MAY 2009 — The horrifying medical experiments conducted on concentration camp victims by Josef Mengele, the chief doctor of Auschwitz from 1943 to 1945, may not have been his only legacy. A new book asserts the Nazi war criminal known as the “Angel of Death” may also be responsible for the unnaturally high number of Aryan-looking twins in a small Brazilian town he frequently visited after fleeing to South America after the war.
In the early 1960s, at the same time Mengele began to make regular visits to the Brazilian town of Cândido Godói, the number of twins there began to skyrocket, says Argentine historian Jorge Camarasa in Mengele: The Angel of Death in South America. Ever since, as many as one in five pregnancies in the predominantly German hamlet have resulted in twins—many of them with blond hair and blue eyes.
“I think Cândido Godói may have been Mengele’s laboratory, where he finally managed to fulfill his dreams of creating a master race of blond haired, blue eyed Aryans,” Camarasa told the London Daily Telegraph. “There is testimony that he attended women, followed their pregnancies, treated them with new types of drugs and preparations, that he talked of artificial insemination in human beings, and that…[he said] he was capable of getting cows to produce male twins.”

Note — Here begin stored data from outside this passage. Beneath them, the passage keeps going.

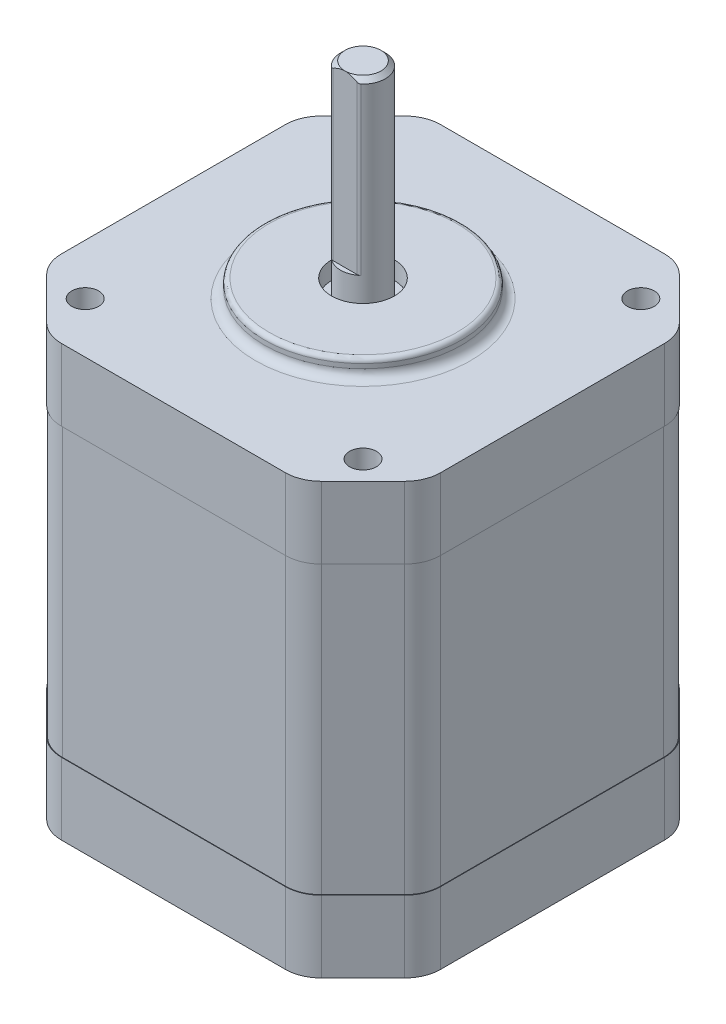
from build123d import *

# Parameters (mm, degrees)
ESBO_O1_W                  = 42.2
ESBO_O1_H                  = 42.2
RESSALTO_EXTRUS_O1_DEPTH   = 16
CHANFRO4_SIZE              = 7
FILETE3_R                  = 4
ESBO_O2_W                  = 42.3
ESBO_O2_H                  = 42.3
RESSALTO_EXTRUS_O2_DEPTH   = 8
CHANFRO5_SIZE              = 7
FILETE4_R                  = 4
CHANFRO5_OF_ESPELHAR1_SIZE = 7
FILETE4_OF_ESPELHAR1_R     = 4
ESBO_O3_R                  = 11
ESBO_O3_R_2                = 3.5
RESSALTO_EXTRUS_O3_DEPTH   = 2
FILETE5_R                  = 0.5
FILETE6_R                  = 1
ESBO_O4_R                  = 1.5
CORTE_EXTRUS_O1_DEPTH      = 10
PADR_OCIRCULAR1_COUNT      = 4
ESBO_O5_R                  = 2.5
RESSALTO_EXTRUS_O4_DEPTH   = 4
RESSALTO_EXTRUS_O5_DEPTH   = 19
CHANFRO3_SIZE              = 0.5
FILETE2_R                  = 0.5


with BuildPart() as part:
    # Esboço1 → Ressalto-extrusão1 (new, symmetric)
    with BuildSketch(Plane(origin=(0, 0, 0), x_dir=(1, 0, 0), z_dir=(0, 1, 0))):
        Rectangle(ESBO_O1_W, ESBO_O1_H)
    extrude(amount=RESSALTO_EXTRUS_O1_DEPTH, both=True)

    # Chanfro4
    chanfro4_edges = [part.edges().sort_by_distance(p)[0] for p in [
        (21.1, 0, 21.1),
        (-21.1, 0, 21.1),
        (-21.1, 0, -21.1),
        (21.1, 0, -21.1),
    ]]
    chamfer(chanfro4_edges, length=CHANFRO4_SIZE)

    # Filete3
    filete3_edges = [part.edges().sort_by_distance(p)[0] for p in [
        (14.1, 0, 21.1),
        (-14.1, 0, 21.1),
        (-21.1, 0, -14.1),
        (-21.1, 0, 14.1),
        (14.1, 0, -21.1),
        (-14.1, 0, -21.1),
        (21.1, 0, 14.1),
        (21.1, 0, -14.1),
    ]]
    fillet(filete3_edges, radius=FILETE3_R)

    # Esboço2 → Ressalto-extrusão2 (add)
    with BuildSketch(Plane(origin=(0, 16, 0), x_dir=(1, 0, 0), z_dir=(0, 1, 0))):
        Rectangle(ESBO_O2_W, ESBO_O2_H)
    ressalto_extrus_o2 = extrude(amount=RESSALTO_EXTRUS_O2_DEPTH)

    # Chanfro5
    chanfro5_edges = [part.edges().sort_by_distance(p)[0] for p in [
        (21.15, 20, 21.15),
        (21.15, 20, -21.15),
        (-21.15, 20, -21.15),
        (-21.15, 20, 21.15),
    ]]
    chamfer(chanfro5_edges, length=CHANFRO5_SIZE)

    # Filete4
    filete4_edges = [part.edges().sort_by_distance(p)[0] for p in [
        (-14.15, 20, -21.15),
        (14.15, 20, -21.15),
        (21.15, 20, 14.15),
        (21.15, 20, -14.15),
        (-14.15, 20, 21.15),
        (14.15, 20, 21.15),
        (-21.15, 20, -14.15),
        (-21.15, 20, 14.15),
    ]]
    fillet(filete4_edges, radius=FILETE4_R)

    # Espelhar1: Ressalto-extrusão2 across plane
    add(ressalto_extrus_o2.mirror(Plane.ZX))

    # Chanfro5 of Espelhar1
    chanfro5_of_espelhar1_edges = [part.edges().sort_by_distance(p)[0] for p in [
        (21.15, -20, 21.15),
        (21.15, -20, -21.15),
        (-21.15, -20, -21.15),
        (-21.15, -20, 21.15),
    ]]
    chamfer(chanfro5_of_espelhar1_edges, length=CHANFRO5_OF_ESPELHAR1_SIZE)

    # Filete4 of Espelhar1
    filete4_of_espelhar1_edges = [part.edges().sort_by_distance(p)[0] for p in [
        (-14.15, -20, -21.15),
        (14.15, -20, -21.15),
        (21.15, -20, 14.15),
        (21.15, -20, -14.15),
        (-14.15, -20, 21.15),
        (14.15, -20, 21.15),
        (-21.15, -20, -14.15),
        (-21.15, -20, 14.15),
    ]]
    fillet(filete4_of_espelhar1_edges, radius=FILETE4_OF_ESPELHAR1_R)

    # Esboço3 → Ressalto-extrusão3 (add)
    with BuildSketch(Plane(origin=(0, 24, 0), x_dir=(1, 0, 0), z_dir=(0, 1, 0))):
        with Locations(Location((0, 0, 0), (0, 0, 270))):
            Circle(ESBO_O3_R)
        with Locations(Location((0, 0, 0), (0, 0, 270))):
            Circle(ESBO_O3_R_2, mode=Mode.SUBTRACT)
    extrude(amount=RESSALTO_EXTRUS_O3_DEPTH)

    # Filete5
    filete5_edges = [part.edges().sort_by_distance(p)[0] for p in [
        (0, 26, -11),
    ]]
    fillet(filete5_edges, radius=FILETE5_R)

    # Filete6
    filete6_edges = [part.edges().sort_by_distance(p)[0] for p in [
        (0, 24, -11),
    ]]
    fillet(filete6_edges, radius=FILETE6_R)

    # Esboço4 → Corte-extrusão1 (cut)
    with BuildSketch(Plane(origin=(0, 24, 0), x_dir=(1, 0, 0), z_dir=(0, 1, 0))):
        with Locations(Location((-15.5, 15.5, 0), (0, 0, 270))):
            Circle(ESBO_O4_R)
    corte_extrus_o1 = extrude(amount=-CORTE_EXTRUS_O1_DEPTH, mode=Mode.SUBTRACT)

    # PadrãoCircular1: Corte-extrusão1 ×4 about axis
    padr_ocircular1_axis = Axis((0, 0, 0), (0, 1, 0))
    for i in range(1, PADR_OCIRCULAR1_COUNT):
        add(corte_extrus_o1.rotate(padr_ocircular1_axis, i * 360 / PADR_OCIRCULAR1_COUNT), mode=Mode.SUBTRACT)

    # Esboço5 → Ressalto-extrusão4 (add)
    with BuildSketch(Plane(origin=(0, 24, 0), x_dir=(1, 0, 0), z_dir=(0, 1, 0))):
        with Locations(Location((0, 0, 0), (0, 0, 270))):
            Circle(ESBO_O5_R)
    extrude(amount=RESSALTO_EXTRUS_O4_DEPTH)

    # Esboço6 → Ressalto-extrusão5 (add)
    with BuildSketch(Plane(origin=(0, 28, 0), x_dir=(1, 0, 0), z_dir=(0, 1, 0))):
        with BuildLine():
            ThreePointArc((2.5, 0), (-1.118033989, 2.236067977), (-1.5, -2))
            Line((-1.5, -2), (1.5, -2))
            ThreePointArc((1.5, -2), (2.236067977, -1.118033989), (2.5, 0))
        make_face()
    extrude(amount=RESSALTO_EXTRUS_O5_DEPTH)

    # Chanfro3
    chanfro3_edges = [part.edges().sort_by_distance(p)[0] for p in [
        (0, 47, -2.5),
    ]]
    chamfer(chanfro3_edges, length=CHANFRO3_SIZE - 0.0001)  # a hair under: the kernel refuses the full size

    # Filete2
    filete2_edges = [part.edges().sort_by_distance(p)[0] for p in [
        (-1.5, 37.25005, 2),
        (1.5, 37.25005, 2),
    ]]
    fillet(filete2_edges, radius=FILETE2_R)


solid = part.part

Some experts believe, though, that there is a scientific explanation for the phenomenon—one unrelated to Mengele. Ursula Matte, a researcher in the medical genetics unit at Porto Alegre Hospital in Brazil, told New Scientist magazine that she and her colleagues had been invited in 1994 to Linha São Pedro, a township owned by Cândido Godói, to investigate the twin birthrates. Matte said she found that 10 percent of the town’s births from 1990 to 1994 were twins, compared to only 1.8 percent in the surrounding area—an admittedly high rate.
But after interviewing more than a dozen pairs of the twins and conducting blood tests, Matte says she believes the researchers have found an explanation. Not only does the town have a high recurrence of multiple births, she says, it also has a high level of inbreeding.
“Even though we could not find a definitive explanation for this higher incidence, the existence of other ‘twin towns’ around the world—most of them in remote isolated areas with high levels of inbreeding just as Linha São Pedro—shows that external influence is not needed for this to happen,” Matte says. Because the town’s families tend to have twins only every other generation, she believes this suggests a recessive genetic trait.
The high number of Aryan twins, meanwhile, probably has more to do with the town’s German ancestry than with any genetic manipulation on Mengele’s part. “I don’t think Mengele would have the knowledge, not to mention the means, to engender the rise in twin births in this community,” Matte says. “It’s noteworthy that twin births occurred there in almost every time period, even in the 1990s, so what kind of long-lasting manipulation could he have perpetrated?”
Mengele died in 1979, 16 years after the “twin town” boom began.